(Source data)
***
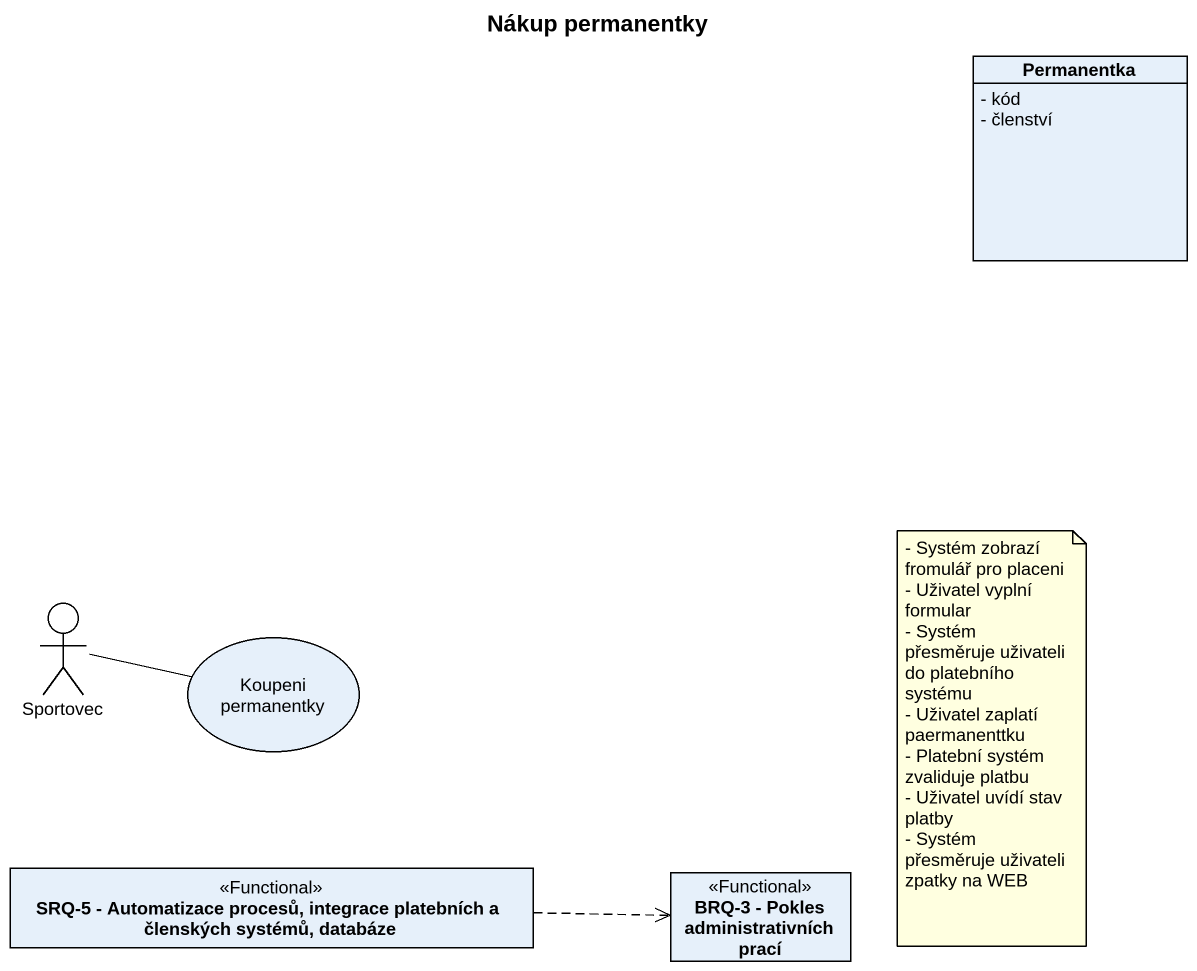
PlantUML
@startuml
title Nákup permanentky
allowmixing
hide circle
hide empty members
skinparam classAttributeIconSize 0
class Permanentka {
  - kód
  - členství
}
actor Sportovec
usecase "Koupeni permanentky" as Koupeni_permanentky
class "SRQ-5 - Automatizace procesů, integrace platebních a členských systémů, databáze" as SRQ_5_Automatizace_procesů <<Functional>>
class "BRQ-3 - Pokles administrativních prací" as BRQ_3_Pokles <<Functional>>
Sportovec -right- Koupeni_permanentky
SRQ_5_Automatizace_procesů .right.> BRQ_3_Pokles
note as N1
  - Systém zobrazí fromulář pro placeni
  - Uživatel vyplní formular
  - Systém přesměruje uživateli do platebního systému
  - Uživatel zaplatí paermanenttku
  - Platební systém zvaliduje platbu
  - Uživatel uvídí stav platby
  - Systém přesměruje uživateli zpatky na WEB
end note
@enduml
***
Exclude images. Return the data above verbatim.

PlantUML
@startuml
title Nákup permanentky
allowmixing
hide circle
hide empty members
skinparam classAttributeIconSize 0
class Permanentka {
  - kód
  - členství
}
actor Sportovec
usecase "Koupeni permanentky" as Koupeni_permanentky
class "SRQ-5 - Automatizace procesů, integrace platebních a členských systémů, databáze" as SRQ_5_Automatizace_procesů <<Functional>>
class "BRQ-3 - Pokles administrativních prací" as BRQ_3_Pokles <<Functional>>
Sportovec -right- Koupeni_permanentky
SRQ_5_Automatizace_procesů .right.> BRQ_3_Pokles
note as N1
  - Systém zobrazí fromulář pro placeni
  - Uživatel vyplní formular
  - Systém přesměruje uživateli do platebního systému
  - Uživatel zaplatí paermanenttku
  - Platební systém zvaliduje platbu
  - Uživatel uvídí stav platby
  - Systém přesměruje uživateli zpatky na WEB
end note
@enduml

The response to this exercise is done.